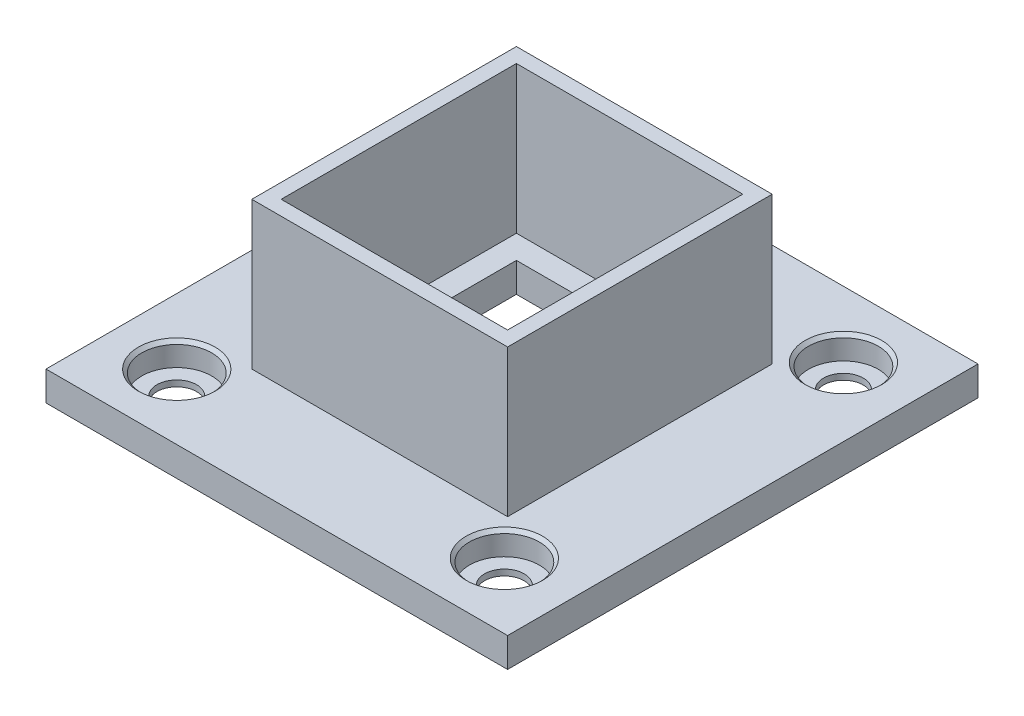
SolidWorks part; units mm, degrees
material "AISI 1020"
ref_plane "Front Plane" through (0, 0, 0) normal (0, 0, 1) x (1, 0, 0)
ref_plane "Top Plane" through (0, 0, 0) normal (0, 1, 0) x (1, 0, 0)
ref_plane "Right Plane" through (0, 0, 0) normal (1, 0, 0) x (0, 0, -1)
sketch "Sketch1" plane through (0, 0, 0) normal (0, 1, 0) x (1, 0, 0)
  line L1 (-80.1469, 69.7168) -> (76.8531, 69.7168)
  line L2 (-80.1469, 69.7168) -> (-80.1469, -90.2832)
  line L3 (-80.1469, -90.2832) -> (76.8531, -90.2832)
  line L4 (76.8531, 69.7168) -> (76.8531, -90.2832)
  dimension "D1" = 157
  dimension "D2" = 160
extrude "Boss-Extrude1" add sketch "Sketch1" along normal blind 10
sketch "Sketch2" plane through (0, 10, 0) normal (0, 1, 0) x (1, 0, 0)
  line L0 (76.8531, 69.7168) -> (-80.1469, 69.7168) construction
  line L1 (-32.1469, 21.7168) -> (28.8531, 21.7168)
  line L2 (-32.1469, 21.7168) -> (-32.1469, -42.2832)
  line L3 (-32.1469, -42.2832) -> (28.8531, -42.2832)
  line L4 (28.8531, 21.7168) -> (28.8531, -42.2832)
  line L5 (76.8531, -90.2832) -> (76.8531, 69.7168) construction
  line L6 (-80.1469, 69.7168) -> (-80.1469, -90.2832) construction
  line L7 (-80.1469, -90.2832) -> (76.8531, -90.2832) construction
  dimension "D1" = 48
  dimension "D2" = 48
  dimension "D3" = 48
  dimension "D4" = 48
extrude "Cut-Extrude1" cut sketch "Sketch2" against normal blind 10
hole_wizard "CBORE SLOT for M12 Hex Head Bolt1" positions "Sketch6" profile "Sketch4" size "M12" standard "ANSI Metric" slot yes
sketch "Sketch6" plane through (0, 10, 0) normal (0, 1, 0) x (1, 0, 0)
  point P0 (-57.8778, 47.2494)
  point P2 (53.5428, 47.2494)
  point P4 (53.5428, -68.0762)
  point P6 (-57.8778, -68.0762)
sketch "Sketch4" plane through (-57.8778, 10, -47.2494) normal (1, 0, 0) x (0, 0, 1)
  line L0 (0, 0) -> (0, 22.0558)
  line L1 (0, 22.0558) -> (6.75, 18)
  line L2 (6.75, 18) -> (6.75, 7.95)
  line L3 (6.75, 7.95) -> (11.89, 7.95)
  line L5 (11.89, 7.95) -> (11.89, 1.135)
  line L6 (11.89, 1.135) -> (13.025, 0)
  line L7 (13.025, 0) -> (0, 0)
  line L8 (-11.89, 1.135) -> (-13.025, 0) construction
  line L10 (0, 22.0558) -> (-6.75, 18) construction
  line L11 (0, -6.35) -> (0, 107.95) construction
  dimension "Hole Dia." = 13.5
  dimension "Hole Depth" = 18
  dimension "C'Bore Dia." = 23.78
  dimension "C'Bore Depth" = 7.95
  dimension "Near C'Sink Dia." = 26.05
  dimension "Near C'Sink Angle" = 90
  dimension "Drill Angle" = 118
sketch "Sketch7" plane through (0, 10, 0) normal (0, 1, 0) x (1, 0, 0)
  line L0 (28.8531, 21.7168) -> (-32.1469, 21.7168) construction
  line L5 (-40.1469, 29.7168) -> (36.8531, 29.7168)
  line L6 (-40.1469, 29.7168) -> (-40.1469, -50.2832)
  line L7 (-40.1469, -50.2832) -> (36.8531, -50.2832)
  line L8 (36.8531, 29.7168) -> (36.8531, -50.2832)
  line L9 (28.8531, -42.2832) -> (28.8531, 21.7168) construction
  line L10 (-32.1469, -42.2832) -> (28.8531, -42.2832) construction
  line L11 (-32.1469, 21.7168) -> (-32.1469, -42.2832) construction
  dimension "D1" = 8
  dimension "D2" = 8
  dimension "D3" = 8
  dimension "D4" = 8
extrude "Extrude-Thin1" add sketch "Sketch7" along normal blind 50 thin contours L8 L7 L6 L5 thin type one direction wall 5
----
_Task to carry out:_
Restate the entries above word for word, minus the pictures.

_Exercise answer:_
SolidWorks part; units mm, degrees
material "AISI 1020"
ref_plane "Front Plane" through (0, 0, 0) normal (0, 0, 1) x (1, 0, 0)
ref_plane "Top Plane" through (0, 0, 0) normal (0, 1, 0) x (1, 0, 0)
ref_plane "Right Plane" through (0, 0, 0) normal (1, 0, 0) x (0, 0, -1)
sketch "Sketch1" plane through (0, 0, 0) normal (0, 1, 0) x (1, 0, 0)
  line L1 (-80.1469, 69.7168) -> (76.8531, 69.7168)
  line L2 (-80.1469, 69.7168) -> (-80.1469, -90.2832)
  line L3 (-80.1469, -90.2832) -> (76.8531, -90.2832)
  line L4 (76.8531, 69.7168) -> (76.8531, -90.2832)
  dimension "D1" = 157
  dimension "D2" = 160
extrude "Boss-Extrude1" add sketch "Sketch1" along normal blind 10
sketch "Sketch2" plane through (0, 10, 0) normal (0, 1, 0) x (1, 0, 0)
  line L0 (76.8531, 69.7168) -> (-80.1469, 69.7168) construction
  line L1 (-32.1469, 21.7168) -> (28.8531, 21.7168)
  line L2 (-32.1469, 21.7168) -> (-32.1469, -42.2832)
  line L3 (-32.1469, -42.2832) -> (28.8531, -42.2832)
  line L4 (28.8531, 21.7168) -> (28.8531, -42.2832)
  line L5 (76.8531, -90.2832) -> (76.8531, 69.7168) construction
  line L6 (-80.1469, 69.7168) -> (-80.1469, -90.2832) construction
  line L7 (-80.1469, -90.2832) -> (76.8531, -90.2832) construction
  dimension "D1" = 48
  dimension "D2" = 48
  dimension "D3" = 48
  dimension "D4" = 48
extrude "Cut-Extrude1" cut sketch "Sketch2" against normal blind 10
hole_wizard "CBORE SLOT for M12 Hex Head Bolt1" positions "Sketch6" profile "Sketch4" size "M12" standard "ANSI Metric" slot yes
sketch "Sketch6" plane through (0, 10, 0) normal (0, 1, 0) x (1, 0, 0)
  point P0 (-57.8778, 47.2494)
  point P2 (53.5428, 47.2494)
  point P4 (53.5428, -68.0762)
  point P6 (-57.8778, -68.0762)
sketch "Sketch4" plane through (-57.8778, 10, -47.2494) normal (1, 0, 0) x (0, 0, 1)
  line L0 (0, 0) -> (0, 22.0558)
  line L1 (0, 22.0558) -> (6.75, 18)
  line L2 (6.75, 18) -> (6.75, 7.95)
  line L3 (6.75, 7.95) -> (11.89, 7.95)
  line L5 (11.89, 7.95) -> (11.89, 1.135)
  line L6 (11.89, 1.135) -> (13.025, 0)
  line L7 (13.025, 0) -> (0, 0)
  line L8 (-11.89, 1.135) -> (-13.025, 0) construction
  line L10 (0, 22.0558) -> (-6.75, 18) construction
  line L11 (0, -6.35) -> (0, 107.95) construction
  dimension "Hole Dia." = 13.5
  dimension "Hole Depth" = 18
  dimension "C'Bore Dia." = 23.78
  dimension "C'Bore Depth" = 7.95
  dimension "Near C'Sink Dia." = 26.05
  dimension "Near C'Sink Angle" = 90
  dimension "Drill Angle" = 118
sketch "Sketch7" plane through (0, 10, 0) normal (0, 1, 0) x (1, 0, 0)
  line L0 (28.8531, 21.7168) -> (-32.1469, 21.7168) construction
  line L5 (-40.1469, 29.7168) -> (36.8531, 29.7168)
  line L6 (-40.1469, 29.7168) -> (-40.1469, -50.2832)
  line L7 (-40.1469, -50.2832) -> (36.8531, -50.2832)
  line L8 (36.8531, 29.7168) -> (36.8531, -50.2832)
  line L9 (28.8531, -42.2832) -> (28.8531, 21.7168) construction
  line L10 (-32.1469, -42.2832) -> (28.8531, -42.2832) construction
  line L11 (-32.1469, 21.7168) -> (-32.1469, -42.2832) construction
  dimension "D1" = 8
  dimension "D2" = 8
  dimension "D3" = 8
  dimension "D4" = 8
extrude "Extrude-Thin1" add sketch "Sketch7" along normal blind 50 thin contours L8 L7 L6 L5 thin type one direction wall 5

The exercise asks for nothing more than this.